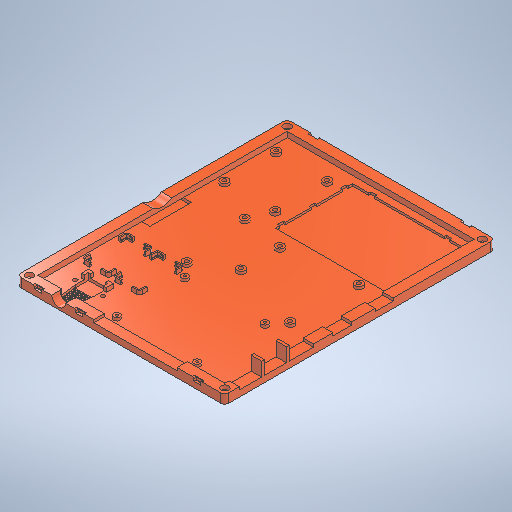
# Autodesk Inventor part: Electronic Base - Final
Saved by Autodesk Inventor 2025.2 (Build 292293000, 293)
## iProperties
Created: 2025-03-21
Part Number: Electronic Base - Final
Material: Generic
Document SubType Name: Modeling
Designer: mnguyen6
Density: 1 g/cm^3
Appearance: Default
Author: mnguyen6
Autodesk Inventor part; units mm, degrees
ref_plane "YZ Plane" through (0, 0, 0) normal (1, 0, 0) x (0, 1, 0)
ref_plane "XZ Plane" through (0, 0, 0) normal (0, 1, 0) x (-1, 0, 0)
ref_plane "XY Plane" through (0, 0, 0) normal (0, 0, 1) x (1, 0, 0)
sketch "Sketch1" plane through (0, 0, 0) normal (0, 1, 0) x (-1, 0, 0)
  line L0 (0, 0) -> (-135, 0)
  line L1 (-135, 0) -> (-135, 180)
  line L2 (-135, 180) -> (0, 180)
  line L3 (0, 180) -> (0, 0)
  line L4 (7.5, -7.5) -> (-142.5, -7.5)
  line L5 (-142.5, -7.5) -> (-142.5, 187.5)
  line L6 (-142.5, 187.5) -> (7.5, 187.5)
  line L7 (7.5, 187.5) -> (7.5, -7.5)
  line L8 (-31.4, 118) -> (-133, 118) construction
  line L9 (-133, 118) -> (-133, 64.66) construction
  line L10 (-133, 64.66) -> (-31.4, 64.66) construction
  line L11 (-31.4, 64.66) -> (-31.4, 118) construction
  circle A0 centre (-117.76, 115.46) radius 1.4
  circle A1 centre (-119.03, 67.2) radius 1.4
  circle A2 centre (-66.96, 100.22) radius 1.4
  circle A3 centre (-66.96, 72.28) radius 1.4
  circle A4 centre (-42.83, 115.46) radius 1.4
  circle A5 centre (-36.48, 67.2) radius 1.4
  circle A6 centre (-117.76, 115.46) radius 2.9
  circle A7 centre (-119.03, 67.2) radius 2.9
  circle A8 centre (-66.96, 72.28) radius 2.9
  circle A9 centre (-66.96, 100.22) radius 2.9
  circle A10 centre (-42.83, 115.46) radius 2.9
  circle A11 centre (-36.48, 67.2) radius 2.9
  line L12 (-134.5, 60.3514) -> (-52.82, 60.3514) construction
  line L13 (-52.82, 60.3514) -> (-52.82, 5.6014) construction
  line L14 (-52.82, 5.6014) -> (-134.5, 5.6014) construction
  line L15 (-134.5, 5.6014) -> (-134.5, 60.3514) construction
  line L16 (-52.32, 5.1014) -> (-52.32, 60.8514)
  line L17 (-52.32, 60.8514) -> (-135, 60.8514)
  line L18 (-135, 60.8514) -> (-135, 5.1014)
  line L19 (-135, 5.1014) -> (-52.32, 5.1014)
  line L20 (-52.32, 34.9764) -> (-50.82, 34.9764)
  line L21 (-50.82, 34.9764) -> (-50.82, 30.9764)
  line L22 (-50.82, 30.9764) -> (-52.32, 30.9764)
  line L23 (-52.32, 30.9764) -> (-52.32, 34.9764)
  line L24 (-52.32, 12.2764) -> (-50.82, 12.2764)
  line L25 (-50.82, 12.2764) -> (-50.82, 8.2764)
  line L26 (-50.82, 8.2764) -> (-52.32, 8.2764)
  line L27 (-52.32, 57.6764) -> (-50.82, 57.6764)
  line L28 (-50.82, 57.6764) -> (-50.82, 53.6764)
  line L29 (-50.82, 53.6764) -> (-52.32, 53.6764)
  line L30 (-118.6, 5.1014) -> (-122.6, 5.1014)
  line L31 (-122.6, 5.1014) -> (-122.6, 3.6014)
  line L32 (-122.6, 3.6014) -> (-118.6, 3.6014)
  line L33 (-118.6, 3.6014) -> (-118.6, 5.1014)
  line L34 (-68.07, 5.1014) -> (-64.07, 5.1014)
  line L35 (-64.07, 5.1014) -> (-64.07, 3.6014)
  line L36 (-64.07, 3.6014) -> (-68.07, 3.6014)
  line L37 (-68.07, 3.6014) -> (-68.07, 5.1014)
  line L38 (-48, 178) -> (-133, 178) construction
  line L39 (-133, 178) -> (-133, 122) construction
  line L40 (-133, 122) -> (-48, 122) construction
  line L41 (-48, 122) -> (-48, 178) construction
  circle A12 centre (-51.5, 174.5) radius 0.9
  circle A13 centre (-51.5, 125.5) radius 0.9
  circle A14 centre (-109.5, 174.5) radius 0.9
  circle A15 centre (-109.5, 125.5) radius 0.9
  circle A16 centre (-51.5, 174.5) radius 2.4
  circle A17 centre (-51.5, 125.5) radius 2.4
  circle A18 centre (-109.5, 174.5) radius 2.4
  circle A19 centre (-109.5, 125.5) radius 2.4
  line L42 (-5.087, 151.3381) -> (-22.387, 151.3381)
  line L43 (-22.387, 151.3381) -> (-22.387, 121.0381)
  line L44 (-22.387, 121.0381) -> (-5.087, 121.0381)
  line L45 (-5.087, 121.0381) -> (-5.087, 151.3381)
  line L46 (-2.73, 54.1134) -> (-45.73, 54.1134) construction
  line L47 (-45.73, 54.1134) -> (-45.73, 11.1134) construction
  line L48 (-45.73, 11.1134) -> (-2.73, 11.1134) construction
  line L49 (-2.73, 11.1134) -> (-2.73, 54.1134) construction
  line L50 (-27.387, 151.3381) -> (-44.687, 151.3381)
  line L51 (-44.687, 151.3381) -> (-44.687, 121.0381)
  line L52 (-44.687, 121.0381) -> (-27.387, 121.0381)
  line L53 (-27.387, 121.0381) -> (-27.387, 151.3381)
  circle A20 centre (-6.05, 13.9844) radius 1.4
  circle A21 centre (-6.05, 13.9844) radius 2.9
  circle A22 centre (-42.787, 13.9844) radius 2.9
  circle A23 centre (-42.787, 13.9844) radius 1.4
  circle A24 centre (-6.05, 51.3574) radius 1.4
  circle A25 centre (-6.05, 51.3574) radius 2.9
  circle A26 centre (-42.787, 51.3574) radius 2.9
  circle A27 centre (-42.787, 51.3574) radius 1.4
  line L54 (-22.5, 178.166) -> (-22.5, 163.2053) construction
  line L55 (-27.75, 181.5) -> (-29.5, 168.5)
  line L56 (-15.5, 168.5) -> (-17.25, 181.5)
  line L57 (-17.25, 181.5) -> (-27.75, 181.5)
  line L58 (-15.5, 168.5) -> (-15.5, 159)
  line L59 (-15.5, 159) -> (-29.5, 159)
  line L60 (-29.5, 159) -> (-29.5, 168.5)
  line L61 (-27.9654, 179.9) -> (-17.0346, 179.9)
  line L62 (-28.0731, 179.1) -> (-16.9269, 179.1)
  line L63 (-28.2346, 177.9) -> (-16.7654, 177.9)
  line L64 (-28.3423, 177.1) -> (-16.6577, 177.1)
  line L65 (-28.5038, 175.9) -> (-16.4962, 175.9)
  line L66 (-16.3885, 175.1) -> (-28.6115, 175.1)
  line L67 (-28.7731, 173.9) -> (-16.2269, 173.9)
  line L68 (-16.1192, 173.1) -> (-28.8808, 173.1)
  line L69 (-29.0423, 171.9) -> (-15.9577, 171.9)
  line L70 (-29.15, 171.1) -> (-15.85, 171.1)
  line L71 (-29.3115, 169.9) -> (-15.6885, 169.9)
  line L72 (-15.5808, 169.1) -> (-29.4192, 169.1)
  line L73 (-17.25, 159) -> (-27.75, 159)
  line L74 (-27.75, 159) -> (-27.75, 154.5)
  line L75 (-27.75, 154.5) -> (-17.25, 154.5)
  line L76 (-17.25, 154.5) -> (-17.25, 159)
  line L77 (-15.5, 162) -> (-13.5, 162)
  line L78 (-13.5, 162) -> (-13.5, 157)
  line L79 (-13.5, 157) -> (-17, 157)
  line L80 (-17, 157) -> (-17, 159)
  line L81 (-29.5, 162) -> (-31.5, 162)
  line L82 (-31.5, 162) -> (-31.5, 157)
  line L83 (-31.5, 157) -> (-28, 157)
  line L84 (-28, 157) -> (-28, 159)
  line L85 (-26.387, 152.3381) -> (-45.687, 152.3381)
  line L86 (-45.687, 152.3381) -> (-45.687, 120.0381)
  line L87 (-45.687, 120.0381) -> (-26.387, 120.0381)
  line L88 (-26.387, 120.0381) -> (-26.387, 152.3381)
  line L89 (-27.887, 150.8381) -> (-44.187, 150.8381)
  line L90 (-44.187, 150.8381) -> (-44.187, 121.5381)
  line L91 (-44.187, 121.5381) -> (-27.887, 121.5381)
  line L92 (-27.887, 121.5381) -> (-27.887, 150.8381)
  line L93 (-4.087, 152.3381) -> (-23.387, 152.3381)
  line L94 (-23.387, 152.3381) -> (-23.387, 120.0381)
  line L95 (-23.387, 120.0381) -> (-4.087, 120.0381)
  line L96 (-4.087, 120.0381) -> (-4.087, 152.3381)
  line L97 (-5.587, 150.8381) -> (-21.887, 150.8381)
  line L98 (-21.887, 150.8381) -> (-21.887, 121.5381)
  line L99 (-21.887, 121.5381) -> (-5.587, 121.5381)
  line L100 (-5.587, 121.5381) -> (-5.587, 150.8381)
  line L101 (-31.887, 152.3381) -> (-31.887, 150.8381)
  line L102 (-31.887, 120.0381) -> (-31.887, 121.5381)
  line L103 (-9.587, 152.3381) -> (-9.587, 150.8381)
  line L104 (-9.587, 121.5381) -> (-9.587, 120.0381)
  line L105 (-40.187, 152.3381) -> (-40.187, 150.8381)
  line L106 (-17.887, 121.5381) -> (-17.887, 120.0381)
  line L107 (-40.187, 121.5381) -> (-40.187, 120.0381)
  line L108 (-17.887, 152.3381) -> (-17.887, 150.8381)
  line L109 (-26.387, 146.8381) -> (-27.887, 146.8381)
  line L110 (-44.187, 146.8381) -> (-45.687, 146.8381)
  line L111 (-26.387, 125.5381) -> (-27.887, 125.5381)
  line L112 (-44.187, 125.5381) -> (-45.687, 125.5381)
  line L113 (-4.087, 146.8381) -> (-5.587, 146.8381)
  line L114 (-21.887, 146.8381) -> (-23.387, 146.8381)
  line L115 (-4.087, 125.5381) -> (-5.587, 125.5381)
  line L116 (-21.887, 125.5381) -> (-23.387, 125.5381)
  circle A28 centre (-12.5, 165.5) radius 1.5
  circle A29 centre (-32.5, 165.5) radius 1.5
  point P0 (-50.82, 32.9764)
  point P1 (-52.32, 32.9764)
  point P2 (-50.82, 10.2764)
  point P3 (-50.82, 55.6764)
  point P4 (-22.5, 154.5)
  point P5 (-22.5, 159)
  point P6 (-27.9519, 180)
  point P7 (-17.0481, 180)
  point P8 (-135, 5.1014)
  point P9 (-64.07, 5.1014)
  point P10 (-52.32, 8.2764)
  point P11 (-52.32, 12.2764)
  point P12 (-52.32, 30.9764)
  point P13 (-52.32, 57.6764)
  point P14 (-135, 60.8514)
  point P15 (-27.387, 125.5381)
  point P16 (-31.887, 121.0381)
  point P17 (-44.687, 125.5381)
  point P18 (-40.187, 121.0381)
  point P19 (-27.387, 146.8381)
  point P20 (-31.887, 151.3381)
  point P21 (-44.687, 146.8381)
  point P22 (-40.187, 151.3381)
  point P23 (-5.087, 125.5381)
  point P24 (-9.587, 121.0381)
  point P25 (-22.387, 125.5381)
  point P26 (-17.887, 121.0381)
  point P27 (-5.087, 146.8381)
  point P28 (-9.587, 151.3381)
  point P29 (-22.387, 146.8381)
  point P30 (-17.887, 151.3381)
  point P31 (-27.75, 159)
  point P32 (-28, 159)
  point P33 (-29.5, 162)
  dimension "d0" = 7.5
  dimension "d1" = 53.34
  dimension "d2" = 101.6
  dimension "d3" = 15.24
  dimension "d4" = 13.97
  dimension "d5" = 2.54
  dimension "d6" = 50.8
  dimension "d7" = 17.78
  dimension "d9" = 66.04
  dimension "d10" = 90.17
  dimension "d11" = 96.52
  dimension "d12" = 45.72
  dimension "d13" = 2.8
  dimension "d15" = 54.75
  dimension "d16" = 81.68
  dimension "d17" = 0.5
  dimension "d18" = 4
  dimension "d19" = 1.5
  dimension "d22" = 22.7
  dimension "d27" = 11.9
  dimension "d28" = 54.53
  dimension "d29" = 2
  dimension "d31" = 56
  dimension "d32" = 85
  dimension "d33" = 3.5
  dimension "d34" = 3.5
  dimension "d35" = 1.8
  dimension "d37" = 52.5
  dimension "d38" = 61.5
  dimension "d39" = 1.5
  dimension "d40" = 2
  dimension "d44" = 43
  dimension "d46" = 17.3
  dimension "d49" = 30.3
  dimension "d50" = 2.871
  dimension "d51" = 3.32
  dimension "d52" = 2.8
  dimension "d54" = 1.5
  dimension "d55" = 1.5
  dimension "d56" = 40.244
  dimension "d57" = 40.057
  dimension "d59" = 10.5
  dimension "d62" = 6
  dimension "d63" = 14
  dimension "d64" = 30
  dimension "d65" = 1.6
  dimension "d66" = 0.8
  dimension "d67" = 1.2
  dimension "d68" = 0.8
  dimension "d69" = 1.2
  dimension "d70" = 0.8
  dimension "d71" = 1.2
  dimension "d72" = 0.8
  dimension "d73" = 1.2
  dimension "d74" = 0.8
  dimension "d75" = 1.2
  dimension "d76" = 0.8
  dimension "d77" = 9.5
  dimension "d78" = 13
  dimension "d79" = 10.5
  dimension "d80" = 4.5
  dimension "d81" = 3
  dimension "d82" = 2
  dimension "d83" = 2
  constraints: 230 end point, 41 parallel, 38 point on line, 30 centre point, 27 perpendicular, 23 horizontal, 22 equal radius, 13 coincident, 12 collinear, 10 vertical, 8 equal length, 8 horizontal alignment, 6 symmetric about line, 6 vertical alignment, 4 midpoint, 65 other
  measures "d0" distance between parallel lines of L3 L7
  measures "d1" distance of L8.end L9.end
  measures "d2" distance of L9.end L10.end
  measures "d3" distance from line of L9 A0.centre
  measures "d4" distance from line of L9 A1.centre
  measures "d5" distance from line of L8 A0.centre
  measures "d6" distance from line of A1.centre L8
  measures "d7" distance from line of A2.centre L8
  measures "d9" distance from line of L9 A2.centre
  measures "d10" horizontal distance of L9.end A4.centre
  measures "d11" horizontal distance of L9.end A5.centre
  measures "d12" vertical distance of L8.end A3.centre
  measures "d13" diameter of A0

EXERCISE:
Lines to set down from above: the line with "line L88 (-26.387, 120.0381)", the line with "line L103 (-9.587, 152.3381)", and every line between, each exactly as written.

TASK SOLUTION:
  line L88 (-26.387, 120.0381) -> (-26.387, 152.3381)
  line L89 (-27.887, 150.8381) -> (-44.187, 150.8381)
  line L90 (-44.187, 150.8381) -> (-44.187, 121.5381)
  line L91 (-44.187, 121.5381) -> (-27.887, 121.5381)
  line L92 (-27.887, 121.5381) -> (-27.887, 150.8381)
  line L93 (-4.087, 152.3381) -> (-23.387, 152.3381)
  line L94 (-23.387, 152.3381) -> (-23.387, 120.0381)
  line L95 (-23.387, 120.0381) -> (-4.087, 120.0381)
  line L96 (-4.087, 120.0381) -> (-4.087, 152.3381)
  line L97 (-5.587, 150.8381) -> (-21.887, 150.8381)
  line L98 (-21.887, 150.8381) -> (-21.887, 121.5381)
  line L99 (-21.887, 121.5381) -> (-5.587, 121.5381)
  line L100 (-5.587, 121.5381) -> (-5.587, 150.8381)
  line L101 (-31.887, 152.3381) -> (-31.887, 150.8381)
  line L102 (-31.887, 120.0381) -> (-31.887, 121.5381)
  line L103 (-9.587, 152.3381) -> (-9.587, 150.8381)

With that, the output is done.